Dalla iBibbia alla confessione, dal rosario itech all’invito alla penitenza, la rete risponde ad una esigenza di Dio. Una prova su iTunes

Le applicazioni per iPhone e iPad con riferimento spirituale si moltiplicano giorno dopo giorno. L’ultima, in ordine di tempo, ad aver suscitato un certo clamore è Confession – A Roman Catholic App, una sorte di esame di coscienza dove il peccatore (la cui privacy è assicurata e il profilo protetto da user e password) è “guidato” alla penitenza: si possono scegliere ben 7 preghiere diverse. Tempestiva la risposta del Vaticano che, attraverso il direttore della sala stampa – padre Federico Lombardi, ha chiarito come uno smartphone non possa assolvere un peccatore perché «il sacramento della Penitenza richiede, necessariamente, il rapporto di dialogo personale tra il penitente e il confessore e l’assoluzione da parte del confessore presente».

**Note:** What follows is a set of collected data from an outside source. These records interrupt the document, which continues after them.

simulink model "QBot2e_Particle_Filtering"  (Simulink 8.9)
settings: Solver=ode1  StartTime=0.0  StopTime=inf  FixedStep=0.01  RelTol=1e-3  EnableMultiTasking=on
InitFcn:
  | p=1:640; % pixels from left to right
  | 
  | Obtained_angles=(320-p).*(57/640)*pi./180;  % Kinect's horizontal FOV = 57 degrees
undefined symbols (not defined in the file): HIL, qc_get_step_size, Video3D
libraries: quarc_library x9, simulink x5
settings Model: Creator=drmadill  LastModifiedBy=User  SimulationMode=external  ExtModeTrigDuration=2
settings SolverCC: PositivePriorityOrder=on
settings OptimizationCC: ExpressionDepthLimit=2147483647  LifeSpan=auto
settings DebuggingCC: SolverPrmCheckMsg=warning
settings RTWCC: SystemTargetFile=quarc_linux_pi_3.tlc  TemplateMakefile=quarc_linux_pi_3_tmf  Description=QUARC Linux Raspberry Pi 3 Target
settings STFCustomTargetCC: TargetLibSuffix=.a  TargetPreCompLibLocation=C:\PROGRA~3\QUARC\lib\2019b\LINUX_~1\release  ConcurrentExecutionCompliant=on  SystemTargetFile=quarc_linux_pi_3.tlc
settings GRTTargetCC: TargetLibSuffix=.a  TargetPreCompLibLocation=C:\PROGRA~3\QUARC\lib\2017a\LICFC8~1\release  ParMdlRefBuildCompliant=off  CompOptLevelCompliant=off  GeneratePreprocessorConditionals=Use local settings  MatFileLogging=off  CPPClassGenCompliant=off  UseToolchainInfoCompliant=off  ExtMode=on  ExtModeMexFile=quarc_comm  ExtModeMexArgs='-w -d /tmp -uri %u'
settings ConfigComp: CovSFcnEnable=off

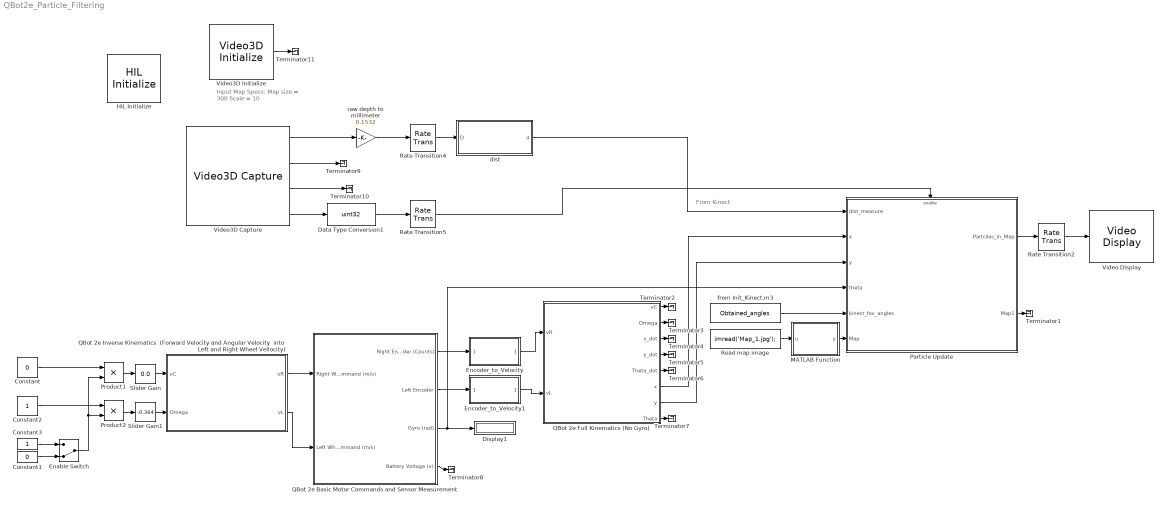
== system QBot2e_Particle_Filtering ==
  note: From Kinect
  note: Input Map Specs:
      | Map size = 300
      | Scale = 10
  Constant : Constant  Value=0
  Constant1 : Constant  Value=0
  Constant2 : Constant
  Constant3 : Constant
  Data Type Conversion1 : DataTypeConversion  OutDataTypeStr=uint32
  Display1 : Display
  Enable Switch : ManualSwitch  CurrentSetting=0
  Encoder_to_Velocity : Subsystem
  Encoder_to_Velocity1 : Subsystem
  HIL Initialize : quarc_library/Data Acquisition/Generic/Configuration/HIL Initialize  Priority=-99  object_name=HIL-1  board_type=qbot2e  board_number=0  board_options=pwm0_en=1;pwm0_pin=12;pwm1_en=1;pwm1_pin=13;  exclusive=off  active=off  hardware_clocks=[]  clock_modes=[]  initial_clock_frequencies=[]  set_clock_params_at_start=off  set_clock_params_at_switch_in=off  set_clock_frequencies_at_start=off  set_clock_frequencies_at_switch_in=off  analog_input_channels=[0:5]  analog_input_configurations=[]  analog_input_maximums=[16.5 3.3 3.3 3.3 3.3 3.3]  analog_input_minimums=[0 0 0 0 0 0]  set_analog_input_params_at_start=off  set_analog_input_params_at_switch_in=off  analog_output_channels=[]  analog_output_maximums=[]  analog_output_minimums=[]  initial_analog_outputs=[]  final_analog_outputs=[]  watchdog_analog_outputs=[]  set_analog_output_params_at_start=off  set_analog_output_params_at_switch_in=off  set_analog_outputs_at_start=off  set_analog_outputs_at_switch_in=off  set_analog_outputs_at_terminate=off  set_analog_outputs_at_switch_out=off  set_analog_outputs_on_watchdog=off  digital_input_channels=[28:58]  digital_output_channels=[28:31]  digital_output_configuration=[]  initial_digital_outputs=[0]  final_digital_outputs=[0]  watchdog_digital_outputs=[]  set_digital_output_params_at_start=off  set_digital_output_params_at_switch_in=off  set_digital_outputs_at_start=on  set_digital_outputs_at_switch_in=off  set_digital_outputs_at_terminate=on  set_digital_outputs_at_switch_out=off  set_digital_outputs_on_watchdog=off  encoder_channels=[0:1]  quadrature=[4]  encoder_filter_frequency=[]  initial_encoder_counts=[0]  set_encoder_params_at_start=on  set_encoder_params_at_switch_in=off  set_encoder_counts_at_start=on  set_encoder_counts_at_switch_in=off  pwm_channels=[0:1]  pwm_modes=0  pwm_frequency=100e6 / 4095  pwm_configuration=[0]  pwm_alignment=[0]  pwm_polarity=[1]  pwm_leading_deadband=[]  pwm_trailing_deadband=[]  initial_pwm_outputs=[0]  final_pwm_outputs=[0]  watchdog_pwm_outputs=[]  set_pwm_params_at_start=on  set_pwm_params_at_switch_in=off  set_pwm_outputs_at_start=on  set_pwm_outputs_at_switch_in=off  set_pwm_outputs_at_terminate=on  set_pwm_outputs_at_switch_out=off  set_pwm_outputs_on_watchdog=off  other_output_channels=[2000:2001 14000 16000]  initial_other_outputs=[0 0 0 7]  final_other_outputs=[0 0 0 7]  watchdog_other_outputs=[]  set_other_outputs_at_start=on  set_other_outputs_at_switch_in=off  set_other_outputs_at_terminate=on  set_other_outputs_at_switch_out=off  set_other_outputs_on_watchdog=off
  MATLAB Function : MATLAB Function  TreatAsAtomicUnit=on
  Particle Update : Subsystem  TreatAsAtomicUnit=on
  Product1 : Product  RndMeth=Zero
  Product2 : Product  RndMeth=Zero
  QBot 2e Basic Motor Commands and Sensor Measurement : Subsystem
  QBot 2e Full Kinematics (No Gyro) : Subsystem
  QBot 2e Inverse Kinematics  (Forward Velocity and Angular Velocity  into Left and Right Wheel Vellocity) : Subsystem
  Rate Transition2 : RateTransition
  Rate Transition4 : RateTransition
  Rate Transition5 : RateTransition
  Read map image : Constant  Value=imread('Map_1.jpg');
  Slider Gain : simulink/Math Operations/Slider Gain  gain=0.0  low=-1  high=1
  Slider Gain1 : simulink/Math Operations/Slider Gain  gain=-0.364  low=-0.7  high=0.7
  Terminator{1..11} (11 alike) : Terminator
  Video Display : quarc_library/Multimedia/Video Display  Tag=QBot2e_Particle_Filtering/Video Display  sample_time=-1  use_hardware=on
  Video3D Capture : quarc_library/Multimedia/Video3D Capture  object_name=Video3D-1  stream_type=Depth  stream_index=0  resolution=640 x 480  width=640  height=480  output_format=MATLAB greyscale (HxW)  data_type=uint16  sample_time=qc_get_step_size * ceil(0.033 / qc_get_step_size)  brightness_override=off  brightness=50.0  contrast_override=off  contrast=50.0  hue_override=off  hue=50.0  saturation_override=off  saturation=50.0  sharpness_override=off  sharpness=50.0  gamma_override=off  gamma=50.0  gain_override=off  gain=50.0  backlightcompensation_override=off  backlightcompensation=50.0  whitebalance_override=Automatic white balance  whitebalance=50.0  exposure_override=Automatic exposure  exposure=30.0  emitter=Enable laser emitter  preset=Do not set camera presets
  Video3D Initialize : quarc_library/Multimedia/Video3D Initialize  object_name=Video3D-1  source=Device  identifier=0  file=sample.bag  sample_time=qc_get_step_size * ceil(0.033 / qc_get_step_size)  active=on
  dist : MATLAB Function  TreatAsAtomicUnit=on
  from Init_Kinect.m3 : Constant  Value=Obtained_angles
  raw depth to millimeter : Gain  Gain=0.1532
  wires:
  Constant3/1 -> Enable Switch/1
  QBot 2e Basic Motor Commands and Sensor Measurement/1(Right Encoder (Counts)) -> Encoder_to_Velocity/1(Encoder)
  QBot 2e Basic Motor Commands and Sensor Measurement/2(Left Encoder) -> Encoder_to_Velocity1/1(Encoder)
  QBot 2e Basic Motor Commands and Sensor Measurement/3(Gyro (rad)) -> Display1/1, Particle Update/4(theta)
  QBot 2e Full Kinematics (No Gyro)/7(y) -> Particle Update/3(y)
  QBot 2e Full Kinematics (No Gyro)/6(x) -> Particle Update/2(x)
  Slider Gain/1 -> QBot 2e Inverse Kinematics  (Forward Velocity and Angular Velocity  into Left and Right Wheel Vellocity)/1(vC)
  Slider Gain1/1 -> QBot 2e Inverse Kinematics  (Forward Velocity and Angular Velocity  into Left and Right Wheel Vellocity)/2(Omega)
  from Init_Kinect.m3/1 -> Particle Update/5(kinect_fov_angles)
  dist/1(d) -> Particle Update/1(dist_measure)
  Particle Update/2(Map1) -> Terminator1/1
  QBot 2e Inverse Kinematics  (Forward Velocity and Angular Velocity  into Left and Right Wheel Vellocity)/1(vR) -> QBot 2e Basic Motor Commands and Sensor Measurement/1(Right Wheel Command (m/s))
  QBot 2e Inverse Kinematics  (Forward Velocity and Angular Velocity  into Left and Right Wheel Vellocity)/2(vL) -> QBot 2e Basic Motor Commands and Sensor Measurement/2(Left Wheel Command (m/s))
  Product1/1 -> Slider Gain/1
  Product2/1 -> Slider Gain1/1
  Enable Switch/1 -> Product2/2, Product1/2
  Constant/1 -> Product1/1
  Constant2/1 -> Product2/1
  Encoder_to_Velocity/1(Velocity) -> QBot 2e Full Kinematics (No Gyro)/1(vR)
  Encoder_to_Velocity1/1(Velocity) -> QBot 2e Full Kinematics (No Gyro)/2(vL)
  Constant1/1 -> Enable Switch/2
  QBot 2e Full Kinematics (No Gyro)/1(vC) -> Terminator2/1
  QBot 2e Full Kinematics (No Gyro)/2(Omega) -> Terminator3/1
  QBot 2e Full Kinematics (No Gyro)/3(x_dot) -> Terminator4/1
  QBot 2e Full Kinematics (No Gyro)/4(y_dot) -> Terminator5/1
  QBot 2e Full Kinematics (No Gyro)/5(Theta_dot) -> Terminator6/1
  QBot 2e Full Kinematics (No Gyro)/8(Theta) -> Terminator7/1
  Particle Update/1(Partciles_in_Map) -> Rate Transition2/1
  Rate Transition2/1 -> Video Display/1
  Read map image/1 -> MATLAB Function/1(u)
  MATLAB Function/1(y) -> Particle Update/6(Map)
  QBot 2e Basic Motor Commands and Sensor Measurement/4(Battery Voltage (v)) -> Terminator8/1
  Video3D Capture/2 -> Terminator9/1
  Video3D Capture/3 -> Terminator10/1
  Video3D Initialize/1 -> Terminator11/1
  Rate Transition5/1 -> Particle Update/Enable
  Video3D Capture/1 -> raw depth to millimeter/1
  Video3D Capture/4 -> Data Type Conversion1/1
  Data Type Conversion1/1 -> Rate Transition5/1
  Rate Transition4/1 -> dist/1(D)
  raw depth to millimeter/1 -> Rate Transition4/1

In merito alla fruibilità di un evento liturgico e sacramentale in maniera digitalizzata, il documento La Chiesa e Internet (2002) del Pontificio Consiglio delle Comunicazioni Sociali, era stato già chiaro: «La realtà virtuale non può sostituire la reale presenza di Cristo nell’Eucaristia, la realtà sacramentale degli altri sacramenti e il culto partecipato in seno a una comunità umana in carne e ossa. Su Internet non ci sono sacramenti» (n.9).

Fatta questa precisazione, non si può comunque trascurare che siano numerose sulla Rete le App religiose e siano sempre più le aziende e gli sviluppatori che investano su questo mercato, proponendo preghiere e riti a portata di mouse e smartphone per tutti: cattolici, musulmani, buddisti, ebrei, induisti e mormoni.

Per verificare quanto detto, vi propongo un esperimento: andate su iTunes Apple Store ed effettuate una ricerca delle “App religiose”. Come vedrete, vi troverete davanti un vero “centro commerciale” del religioso, in cui è possibile trovare ogni tipo di “prodotto”: guide alle conversioni, rosari tech, la Bibbia, il Mantra e il Corano insieme a giochini. Tutte le religioni e le proposte genericamente spirituali sono messe in mostra, una al pari dell’altra, in un mix che disorienta. Se cambiate poi le “parole chiave” della ricerca, vi accorgete che cambieranno anche le risposte: il modo in cui si pone la domanda può influenzare la risposta e quindi la domanda religiosa deve essere ben posta. Infine, escluse le applicazioni “registrate”, come iBibbia Cei 2008, è anche difficile accertare l’autorevolezza della fonte di ciascuna applicazione. Se è vero che esiste, in Rete, il fenomeno della open sourse theology – secondo la formula coniata da Andrew Perriman – di una teologia svincolata da qualsiasi riferimento all’auctoritas della Rivelazione e del depositum fidei, aperta nelle conclusioni, metodo Wikipedia; le App religiose, quando non è possibile verificare l’autorevolezza della fonte, possono considerarsi come il “free software” della open source theology.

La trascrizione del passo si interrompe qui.